Rosetta Taş Araştırması
Bu arkeolojik buluntu, siyah cilalı bir baz alt levhaydı. Tamamen iki dilde yapılmış yazıtlarla kaplıydı. Levha üzerinde üç sütun vardı. İlk ikisi eski Mısır hiyeroglifleriyle yapıldı. Üçüncü sütun Yunanca yazılmıştır ve varlığı sayesinde taş üzerindeki metin okunmuştur. Bu, taç giyme töreni vesilesiyle Beşinci Epifanes Ptolemy'ye gönderilen rahiplerin onursal konuşmasıydı. Yunanca metinde, taşın üzerinde Kleopatra ve Ptolemaios isimleri mevcuttu. Mısır metninde de olmalıydılar. Firavunların adlarının kartuş veya oval çerçeveler içinde olduğu biliniyordu. Bu nedenle Champillon, Mısır metninde isimleri bulmakta zorluk çekmedi - karakterlerin geri kalanından açıkça göze çarpıyordu. Ardından, sütunları metinlerle karşılaştıran araştırmacı, teorinin geçerliliğine giderek daha fazla ikna oldu.fonetik tabanlı karakterler.
Bazı çizim kuralları
Estetik düşünceler yazma tekniğinde özel bir öneme sahipti. Bunların temelinde, metnin seçimini, yönünü sınırlayan belirli kurallar oluşturuldu. Semboller, nerede kullanıldıklarına bağlı olarak sağdan sola veya tam tersi şekilde yazılabilir. Bazı karakterler okuyucuya dönük olarak yazılmıştır. Bu kural birçok hiyeroglif için genişletildi, ancak böyle bir kısıtlama en çok hayvanları ve insanları gösteren semboller çizerken belirgindi. Yazıt portalda bulunuyorsa, bireysel işaretleri kapının ortasına döndü. Metin, kendisine en yakın mesafede bulunan hiyerogliflerle başladığı için, giren kişi sembolleri kolayca okuyabilir. Sonuç olarak, tek bir işaret "cehalet göstermedi" ve kimseye sırtını dönmedi.
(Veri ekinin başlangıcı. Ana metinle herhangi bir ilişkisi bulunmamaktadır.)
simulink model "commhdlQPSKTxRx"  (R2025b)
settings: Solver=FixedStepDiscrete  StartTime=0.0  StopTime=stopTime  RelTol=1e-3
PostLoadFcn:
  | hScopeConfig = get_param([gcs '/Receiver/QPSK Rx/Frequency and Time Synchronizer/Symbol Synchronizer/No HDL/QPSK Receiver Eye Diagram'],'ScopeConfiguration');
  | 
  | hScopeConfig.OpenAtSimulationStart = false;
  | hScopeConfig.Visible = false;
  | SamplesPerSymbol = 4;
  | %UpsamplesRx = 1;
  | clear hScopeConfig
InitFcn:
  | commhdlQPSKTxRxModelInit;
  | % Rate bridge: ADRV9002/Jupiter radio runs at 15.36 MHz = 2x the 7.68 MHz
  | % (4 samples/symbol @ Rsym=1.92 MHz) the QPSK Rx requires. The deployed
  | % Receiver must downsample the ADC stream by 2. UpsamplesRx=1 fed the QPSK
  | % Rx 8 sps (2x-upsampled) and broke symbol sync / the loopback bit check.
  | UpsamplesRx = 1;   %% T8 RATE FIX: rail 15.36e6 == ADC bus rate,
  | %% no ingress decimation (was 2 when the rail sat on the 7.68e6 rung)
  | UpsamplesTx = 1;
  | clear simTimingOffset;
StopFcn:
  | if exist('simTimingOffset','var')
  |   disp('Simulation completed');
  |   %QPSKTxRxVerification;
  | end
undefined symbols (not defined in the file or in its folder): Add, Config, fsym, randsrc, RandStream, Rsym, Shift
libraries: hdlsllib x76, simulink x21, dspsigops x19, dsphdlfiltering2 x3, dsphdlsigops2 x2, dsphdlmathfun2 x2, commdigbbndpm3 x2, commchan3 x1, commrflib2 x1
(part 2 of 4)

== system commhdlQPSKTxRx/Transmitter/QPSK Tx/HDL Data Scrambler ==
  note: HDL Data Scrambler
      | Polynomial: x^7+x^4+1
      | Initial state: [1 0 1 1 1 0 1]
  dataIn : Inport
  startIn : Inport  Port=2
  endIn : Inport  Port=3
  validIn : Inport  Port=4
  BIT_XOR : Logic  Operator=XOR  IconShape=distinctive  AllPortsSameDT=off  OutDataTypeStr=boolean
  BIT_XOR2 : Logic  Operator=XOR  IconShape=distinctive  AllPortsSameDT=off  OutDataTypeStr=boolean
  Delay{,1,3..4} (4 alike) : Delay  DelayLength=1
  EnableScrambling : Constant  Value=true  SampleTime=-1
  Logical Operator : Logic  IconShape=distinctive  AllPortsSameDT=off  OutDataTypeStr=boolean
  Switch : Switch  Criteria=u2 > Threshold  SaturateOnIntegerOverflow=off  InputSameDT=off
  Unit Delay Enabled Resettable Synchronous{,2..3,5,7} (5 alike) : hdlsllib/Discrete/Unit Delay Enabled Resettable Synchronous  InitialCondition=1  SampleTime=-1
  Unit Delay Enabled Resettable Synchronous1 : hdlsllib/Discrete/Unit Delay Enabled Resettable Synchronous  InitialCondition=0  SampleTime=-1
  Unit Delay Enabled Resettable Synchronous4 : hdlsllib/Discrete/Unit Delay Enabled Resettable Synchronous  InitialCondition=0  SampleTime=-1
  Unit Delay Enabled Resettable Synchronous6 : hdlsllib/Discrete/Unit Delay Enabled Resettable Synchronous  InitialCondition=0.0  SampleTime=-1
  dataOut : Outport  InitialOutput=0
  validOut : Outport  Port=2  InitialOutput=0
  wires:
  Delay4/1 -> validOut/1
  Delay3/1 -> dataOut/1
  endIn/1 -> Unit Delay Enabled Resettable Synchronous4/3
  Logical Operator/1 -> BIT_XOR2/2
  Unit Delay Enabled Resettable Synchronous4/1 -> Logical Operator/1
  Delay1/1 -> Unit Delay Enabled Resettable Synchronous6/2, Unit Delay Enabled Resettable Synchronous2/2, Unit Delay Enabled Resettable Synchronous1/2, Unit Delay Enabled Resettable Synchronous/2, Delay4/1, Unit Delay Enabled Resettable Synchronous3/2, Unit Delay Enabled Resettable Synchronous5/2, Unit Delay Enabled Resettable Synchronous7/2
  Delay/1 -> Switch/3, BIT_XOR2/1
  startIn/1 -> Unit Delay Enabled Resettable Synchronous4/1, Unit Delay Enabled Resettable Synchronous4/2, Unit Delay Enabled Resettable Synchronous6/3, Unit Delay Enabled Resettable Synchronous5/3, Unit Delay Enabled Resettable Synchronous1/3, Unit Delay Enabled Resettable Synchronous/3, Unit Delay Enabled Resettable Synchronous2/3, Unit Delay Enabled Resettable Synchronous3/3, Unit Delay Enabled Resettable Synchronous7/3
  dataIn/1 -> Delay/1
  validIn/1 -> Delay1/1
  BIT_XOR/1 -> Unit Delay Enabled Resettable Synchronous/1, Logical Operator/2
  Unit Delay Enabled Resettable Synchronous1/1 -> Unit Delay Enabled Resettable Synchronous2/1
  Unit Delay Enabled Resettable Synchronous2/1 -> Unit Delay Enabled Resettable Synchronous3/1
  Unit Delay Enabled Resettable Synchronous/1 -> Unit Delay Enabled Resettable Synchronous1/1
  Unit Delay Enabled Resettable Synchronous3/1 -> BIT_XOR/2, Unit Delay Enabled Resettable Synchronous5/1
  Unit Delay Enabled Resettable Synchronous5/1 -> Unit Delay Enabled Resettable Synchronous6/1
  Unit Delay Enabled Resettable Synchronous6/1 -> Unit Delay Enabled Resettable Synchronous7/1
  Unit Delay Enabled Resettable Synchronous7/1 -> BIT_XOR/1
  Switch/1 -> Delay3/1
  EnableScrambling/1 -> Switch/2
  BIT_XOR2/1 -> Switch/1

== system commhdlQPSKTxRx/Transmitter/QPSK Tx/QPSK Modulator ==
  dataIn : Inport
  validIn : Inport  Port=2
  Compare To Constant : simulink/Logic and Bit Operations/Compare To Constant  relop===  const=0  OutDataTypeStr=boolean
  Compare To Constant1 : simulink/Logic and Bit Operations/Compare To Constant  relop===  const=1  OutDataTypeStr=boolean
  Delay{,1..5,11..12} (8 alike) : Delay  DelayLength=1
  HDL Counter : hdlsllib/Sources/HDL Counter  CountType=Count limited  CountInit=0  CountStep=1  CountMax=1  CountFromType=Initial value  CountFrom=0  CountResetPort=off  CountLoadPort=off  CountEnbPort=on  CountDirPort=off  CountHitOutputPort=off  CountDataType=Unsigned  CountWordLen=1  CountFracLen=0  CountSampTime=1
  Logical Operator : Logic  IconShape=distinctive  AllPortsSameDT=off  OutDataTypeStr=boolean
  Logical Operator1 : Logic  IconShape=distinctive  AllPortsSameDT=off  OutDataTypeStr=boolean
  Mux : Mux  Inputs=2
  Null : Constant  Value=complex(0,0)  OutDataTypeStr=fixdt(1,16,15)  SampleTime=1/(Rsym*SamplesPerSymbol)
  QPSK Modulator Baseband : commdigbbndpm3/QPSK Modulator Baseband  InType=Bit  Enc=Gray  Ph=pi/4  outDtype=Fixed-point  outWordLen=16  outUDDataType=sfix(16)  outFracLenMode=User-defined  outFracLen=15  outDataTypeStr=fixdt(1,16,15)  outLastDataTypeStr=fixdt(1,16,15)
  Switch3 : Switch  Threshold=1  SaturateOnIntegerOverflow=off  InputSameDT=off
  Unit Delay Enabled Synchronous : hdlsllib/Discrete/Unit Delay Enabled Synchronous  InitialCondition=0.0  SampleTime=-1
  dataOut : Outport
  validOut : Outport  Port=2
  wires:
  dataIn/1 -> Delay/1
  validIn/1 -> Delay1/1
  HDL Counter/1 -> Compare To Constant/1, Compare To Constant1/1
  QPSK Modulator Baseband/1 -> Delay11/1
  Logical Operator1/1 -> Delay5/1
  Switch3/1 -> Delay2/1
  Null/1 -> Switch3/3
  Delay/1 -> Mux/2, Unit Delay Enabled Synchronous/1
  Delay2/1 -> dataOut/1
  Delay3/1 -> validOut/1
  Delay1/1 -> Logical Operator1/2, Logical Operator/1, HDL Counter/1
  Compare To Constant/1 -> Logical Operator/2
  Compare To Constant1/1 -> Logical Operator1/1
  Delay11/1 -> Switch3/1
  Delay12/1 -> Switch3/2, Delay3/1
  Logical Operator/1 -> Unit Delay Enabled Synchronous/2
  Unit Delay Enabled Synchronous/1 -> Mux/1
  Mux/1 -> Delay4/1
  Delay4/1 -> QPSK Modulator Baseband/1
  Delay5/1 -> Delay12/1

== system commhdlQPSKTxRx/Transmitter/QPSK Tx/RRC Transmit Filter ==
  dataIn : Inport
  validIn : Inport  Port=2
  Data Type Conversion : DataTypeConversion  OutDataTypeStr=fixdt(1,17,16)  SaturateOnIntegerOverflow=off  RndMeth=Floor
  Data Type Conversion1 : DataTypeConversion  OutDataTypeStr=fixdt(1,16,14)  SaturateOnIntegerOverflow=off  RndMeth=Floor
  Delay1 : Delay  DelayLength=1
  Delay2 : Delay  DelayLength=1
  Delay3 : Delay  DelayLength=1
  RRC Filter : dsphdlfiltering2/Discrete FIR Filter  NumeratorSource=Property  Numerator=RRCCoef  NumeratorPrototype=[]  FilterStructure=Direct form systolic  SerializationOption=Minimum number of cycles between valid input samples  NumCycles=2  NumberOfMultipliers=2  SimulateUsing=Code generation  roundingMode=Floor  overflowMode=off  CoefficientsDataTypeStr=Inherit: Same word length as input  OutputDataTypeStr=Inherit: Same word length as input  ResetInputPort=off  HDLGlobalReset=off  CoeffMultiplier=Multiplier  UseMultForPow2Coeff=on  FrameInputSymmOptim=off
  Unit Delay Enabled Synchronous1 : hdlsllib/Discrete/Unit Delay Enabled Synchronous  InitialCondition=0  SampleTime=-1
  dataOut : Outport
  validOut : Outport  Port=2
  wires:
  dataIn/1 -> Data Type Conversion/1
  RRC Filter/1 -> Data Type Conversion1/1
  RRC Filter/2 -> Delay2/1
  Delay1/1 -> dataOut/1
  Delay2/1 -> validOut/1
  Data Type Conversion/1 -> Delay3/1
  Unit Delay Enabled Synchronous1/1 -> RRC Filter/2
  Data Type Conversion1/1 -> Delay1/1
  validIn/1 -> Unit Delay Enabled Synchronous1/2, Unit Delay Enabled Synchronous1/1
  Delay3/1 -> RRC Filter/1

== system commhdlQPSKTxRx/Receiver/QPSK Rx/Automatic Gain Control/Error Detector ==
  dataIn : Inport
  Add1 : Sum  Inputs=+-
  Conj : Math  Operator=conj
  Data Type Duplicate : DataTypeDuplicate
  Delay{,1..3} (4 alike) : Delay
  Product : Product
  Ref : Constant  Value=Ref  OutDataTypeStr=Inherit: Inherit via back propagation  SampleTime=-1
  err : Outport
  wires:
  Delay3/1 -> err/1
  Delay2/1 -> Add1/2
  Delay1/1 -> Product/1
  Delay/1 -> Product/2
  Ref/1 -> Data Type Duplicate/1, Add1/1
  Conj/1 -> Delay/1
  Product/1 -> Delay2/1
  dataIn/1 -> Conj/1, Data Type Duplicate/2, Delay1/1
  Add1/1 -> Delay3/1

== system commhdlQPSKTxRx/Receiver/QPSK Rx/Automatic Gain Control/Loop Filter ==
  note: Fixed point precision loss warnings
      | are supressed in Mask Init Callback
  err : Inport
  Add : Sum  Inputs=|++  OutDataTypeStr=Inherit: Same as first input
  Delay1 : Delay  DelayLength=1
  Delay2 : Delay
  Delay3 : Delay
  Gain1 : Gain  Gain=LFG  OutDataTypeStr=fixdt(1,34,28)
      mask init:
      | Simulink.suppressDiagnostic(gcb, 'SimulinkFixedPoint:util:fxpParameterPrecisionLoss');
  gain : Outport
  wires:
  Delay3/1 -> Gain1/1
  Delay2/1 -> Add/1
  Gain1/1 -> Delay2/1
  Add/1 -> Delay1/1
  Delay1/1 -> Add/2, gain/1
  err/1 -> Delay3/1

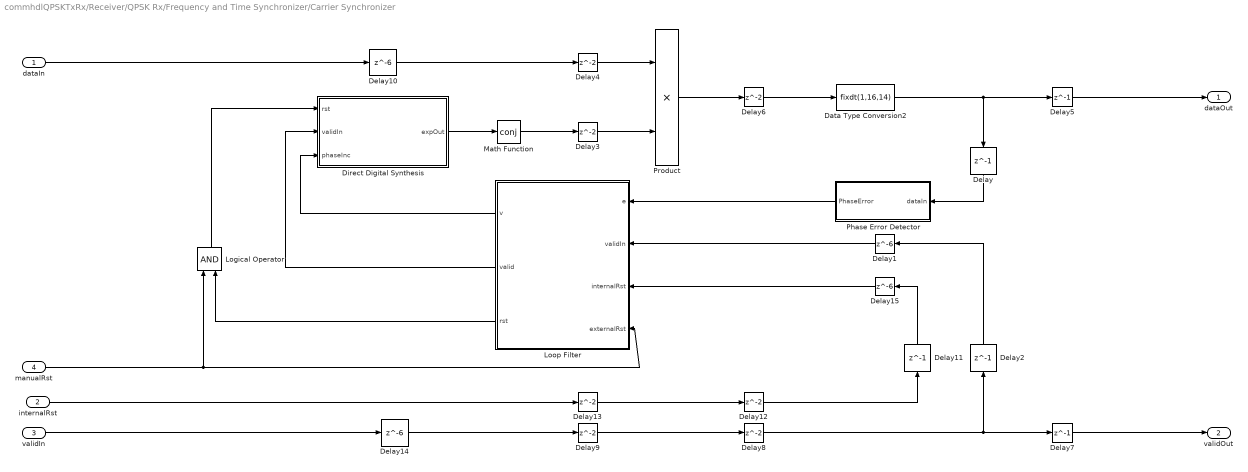
== system commhdlQPSKTxRx/Receiver/QPSK Rx/Frequency and Time Synchronizer/Carrier Synchronizer ==
  dataIn : Inport
  internalRst : Inport  Port=2
  validIn : Inport  Port=3
  manualRst : Inport  Port=4
  Data Type Conversion2 : DataTypeConversion  OutDataTypeStr=fixdt(1,16,14)  SaturateOnIntegerOverflow=off  RndMeth=Floor
  Delay{,2,5,7,11} (5 alike) : Delay  DelayLength=1
  Delay{1,10,14..15} (4 alike) : Delay  DelayLength=6
  Delay{3..4,6,8..9,12..13} (7 alike) : Delay
  Direct Digital Synthesis : Subsystem
  Logical Operator : Logic  AllPortsSameDT=off  OutDataTypeStr=boolean
  Loop Filter : Subsystem
  Math Function : Math  Operator=conj  SignedPower=on  RndMeth=Zero
  Phase Error Detector : Subsystem
  Product : Product
  dataOut : Outport
  validOut : Outport  Port=2
  wires:
  Delay/1 -> Phase Error Detector/1(dataIn)
  Math Function/1 -> Delay3/1
  Data Type Conversion2/1 -> Delay5/1, Delay/1
  Delay3/1 -> Product/2
  Product/1 -> Delay6/1
  Delay8/1 -> Delay2/1, Delay7/1
  Delay9/1 -> Delay8/1
  Delay4/1 -> Product/1
  Delay6/1 -> Data Type Conversion2/1
  Direct Digital Synthesis/1(expOut) -> Math Function/1
  Loop Filter/1(v) -> Direct Digital Synthesis/3(phaseInc)
  Phase Error Detector/1(PhaseError) -> Loop Filter/1(e)
  Delay2/1 -> Delay1/1
  Delay1/1 -> Loop Filter/2(validIn)
  Delay10/1 -> Delay4/1
  Delay11/1 -> Delay15/1
  Delay12/1 -> Delay11/1
  Delay13/1 -> Delay12/1
  Loop Filter/2(valid) -> Direct Digital Synthesis/2(validIn)
  Delay5/1 -> dataOut/1
  Delay7/1 -> validOut/1
  dataIn/1 -> Delay10/1
  internalRst/1 -> Delay13/1
  validIn/1 -> Delay14/1
  Delay14/1 -> Delay9/1
  manualRst/1 -> Logical Operator/1, Loop Filter/4(externalRst)
  Delay15/1 -> Loop Filter/3(internalRst)
  Loop Filter/3(rst) -> Logical Operator/2
  Logical Operator/1 -> Direct Digital Synthesis/1(rst)

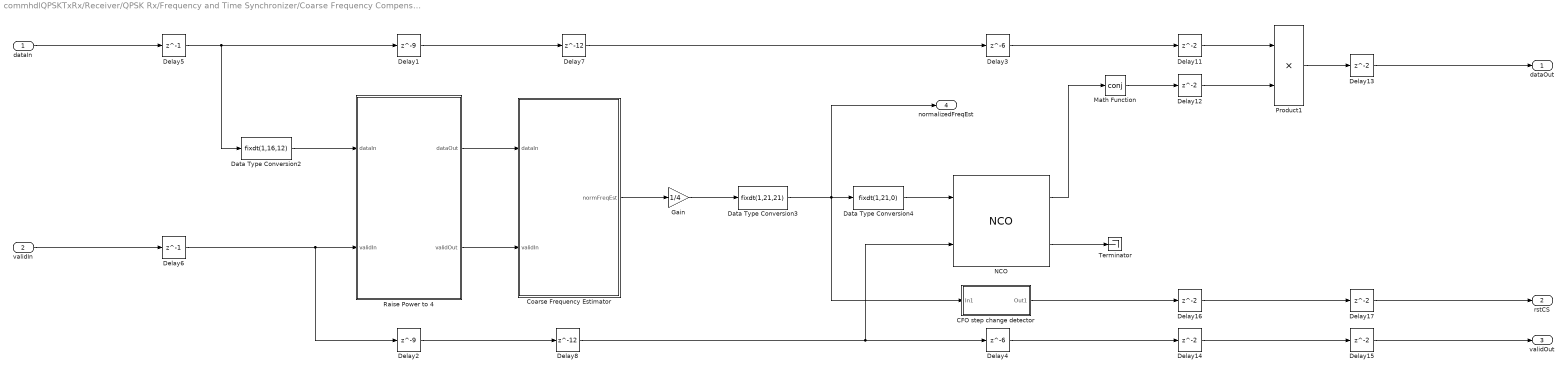
== system commhdlQPSKTxRx/Receiver/QPSK Rx/Frequency and Time Synchronizer/Coarse Frequency Compensator ==
  dataIn : Inport
  validIn : Inport  Port=2
  CFO step change detector : Subsystem
  Coarse Frequency Estimator : Subsystem
  Data Type Conversion2 : DataTypeConversion  OutDataTypeStr=fixdt(1,16,12)  SaturateOnIntegerOverflow=off  RndMeth=Floor
  Data Type Conversion3 : DataTypeConversion  OutDataTypeStr=fixdt(1,21,21)  SaturateOnIntegerOverflow=off  RndMeth=Floor
  Data Type Conversion4 : DataTypeConversion  OutDataTypeStr=fixdt(1,21,0)  ConvertRealWorld=Stored Integer (SI)  SaturateOnIntegerOverflow=off  RndMeth=Floor
  Delay1 : Delay  DelayLength=9
  Delay{11..17} (7 alike) : Delay
  Delay2 : Delay  DelayLength=9
  Delay3 : Delay  DelayLength=6
  Delay4 : Delay  DelayLength=6
  Delay5 : Delay  DelayLength=1
  Delay6 : Delay  DelayLength=1
  Delay7 : Delay  DelayLength=12
  Delay8 : Delay  DelayLength=12
  Gain : Gain  Gain=1/4  ParamDataTypeStr=fixdt(0,2,2)  OutDataTypeStr=Inherit: Same as input
  Math Function : Math  Operator=conj
  NCO : dsphdlsigops2/NCO  PhaseIncrementSource=Input port  PhaseIncrement=100  PhaseOffsetSource=Property  PhaseOffset=0  DitherSource=None  NumDitherBits=4  SamplesPerFrame=1  LUTCompress=off  ResetAction=off  Waveform=Complex exponential  PhasePort=off  SimulateUsing=Code generation  AccumulatorWL=21  PhaseQuantization=on  NumQuantizerAccumulatorBits=14  OutputDataType=Binary point scaling  OutputWL=16  OutputFL=14
  Product1 : Product  OutDataTypeStr=Inherit: Same as first input
  Raise Power to 4 : Subsystem
  Terminator : Terminator
  dataOut : Outport
  rstCS : Outport  Port=2
  validOut : Outport  Port=3
  normalizedFreqEst : Outport  Port=4
  wires:
  Delay14/1 -> Delay15/1
  Delay11/1 -> Product1/1
  Delay6/1 -> Raise Power to 4/2(validIn), Delay2/1
  Delay5/1 -> Delay1/1, Data Type Conversion2/1
  Data Type Conversion4/1 -> NCO/1
  Delay4/1 -> Delay14/1
  Delay3/1 -> Delay11/1
  Delay2/1 -> Delay8/1
  Delay1/1 -> Delay7/1
  NCO/2 -> Terminator/1
  NCO/1 -> Math Function/1
  Product1/1 -> Delay13/1
  Raise Power to 4/2(validOut) -> Coarse Frequency Estimator/2(validIn)
  Math Function/1 -> Delay12/1
  Raise Power to 4/1(dataOut) -> Coarse Frequency Estimator/1(dataIn)
  Delay12/1 -> Product1/2
  Coarse Frequency Estimator/1(normFreqEst) -> Gain/1
  Data Type Conversion2/1 -> Raise Power to 4/1(dataIn)
  Delay16/1 -> Delay17/1
  CFO step change detector/1(Out1) -> Delay16/1
  Gain/1 -> Data Type Conversion3/1
  Delay13/1 -> dataOut/1
  dataIn/1 -> Delay5/1
  validIn/1 -> Delay6/1
  Delay17/1 -> rstCS/1
  Data Type Conversion3/1 -> normalizedFreqEst/1, CFO step change detector/1(In1), Data Type Conversion4/1
  Delay15/1 -> validOut/1
  Delay7/1 -> Delay3/1
  Delay8/1 -> NCO/2, Delay4/1

== system commhdlQPSKTxRx/Receiver/QPSK Rx/Frequency and Time Synchronizer/No HDL ==
  In1 : Inport
  In2 : Inport  Port=2
  In3 : Inport  Port=3
  In4 : Inport  Port=4
  Data Type Conversion : DataTypeConversion  OutDataTypeStr=double  SaturateOnIntegerOverflow=off  RndMeth=Floor
  Data Type Conversion1 : DataTypeConversion  OutDataTypeStr=double  SaturateOnIntegerOverflow=off  RndMeth=Floor
  QPSK Receiver Constellations 2 : ConstellationDiagram  NumInputPorts=2  WindowPosition=[67.000000,180.000000,973.000000,678.000000,]  Visible=on  ScopeFrameLocation=window  SymbolsToDisplaySource=Property  SymbolsToDisplay=10000  ReferenceConstellation="{[0.70711+0.70711i        -0.70711+0.70711i        -0.70711-0.70711i         0.70711-0.70711i],[0.70711+0.70711i        -0.70711+0.70711i        -0.70711-0.70711i         0.70711-0.70711i]}"  ReferenceMarker={''+'',''+''}  ReferenceColor={[1 0 0],[1 0 0]}  XLimits=[-1.3581 1.3569]  YLimits=[-1.3581 1.3569]  AxesLimits=[-1.3581 1.3569]  ShowLegend=on  DefaultConfigurationName=comm.scopes.ConstellationDiagramBlockCfg
      settings: OpenAtSimulationStart=off
  Subsystem : Subsystem
  Unit Delay Enabled Synchronous : hdlsllib/Discrete/Unit Delay Enabled Synchronous  InitialCondition=0.0  SampleTime=-1
  Unit Delay Enabled Synchronous1 : hdlsllib/Discrete/Unit Delay Enabled Synchronous  InitialCondition=0.0  SampleTime=-1
  wires:
  In4/1 -> Unit Delay Enabled Synchronous1/2, Subsystem/Enable
  Data Type Conversion/1 -> Unit Delay Enabled Synchronous1/1, Subsystem/1(In1)
  Unit Delay Enabled Synchronous1/1 -> QPSK Receiver Constellations 2/2  "After Carrier Synchronization"
  In2/1 -> Unit Delay Enabled Synchronous/2
  In1/1 -> Data Type Conversion1/1
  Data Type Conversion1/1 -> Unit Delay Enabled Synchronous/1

Aynı prensip aslında iki kişi arasındaki bir konuşmada da gözlemlenebilir.
Sonuçlar
Mısır yazı öğelerinin görünüşteki basitliğine rağmen, işaret sistemlerinin oldukça karmaşık olduğu söylenmelidir. Zamanla, semboller arka planda kaybolmaya başladı ve kısa süre sonra bunların yerini konuşmanın diğer grafik ifade biçimleri aldı. Romalılar ve Yunanlılar Mısır hiyerogliflerine çok az ilgi gösterdiler. Hıristiyanlığın kabulüyle birlikte, semboller sistemi tamamen kullanılmaz hale geldi. 391'de Bizans imparatoru Büyük Theodosius'un emriyle tüm pagan tapınakları kapatıldı. Son hiyeroglif kaydı 394'e kadar uzanıyor (bu konudahakkında arkeolojik buluntularla kanıtlanmıştır. Philae).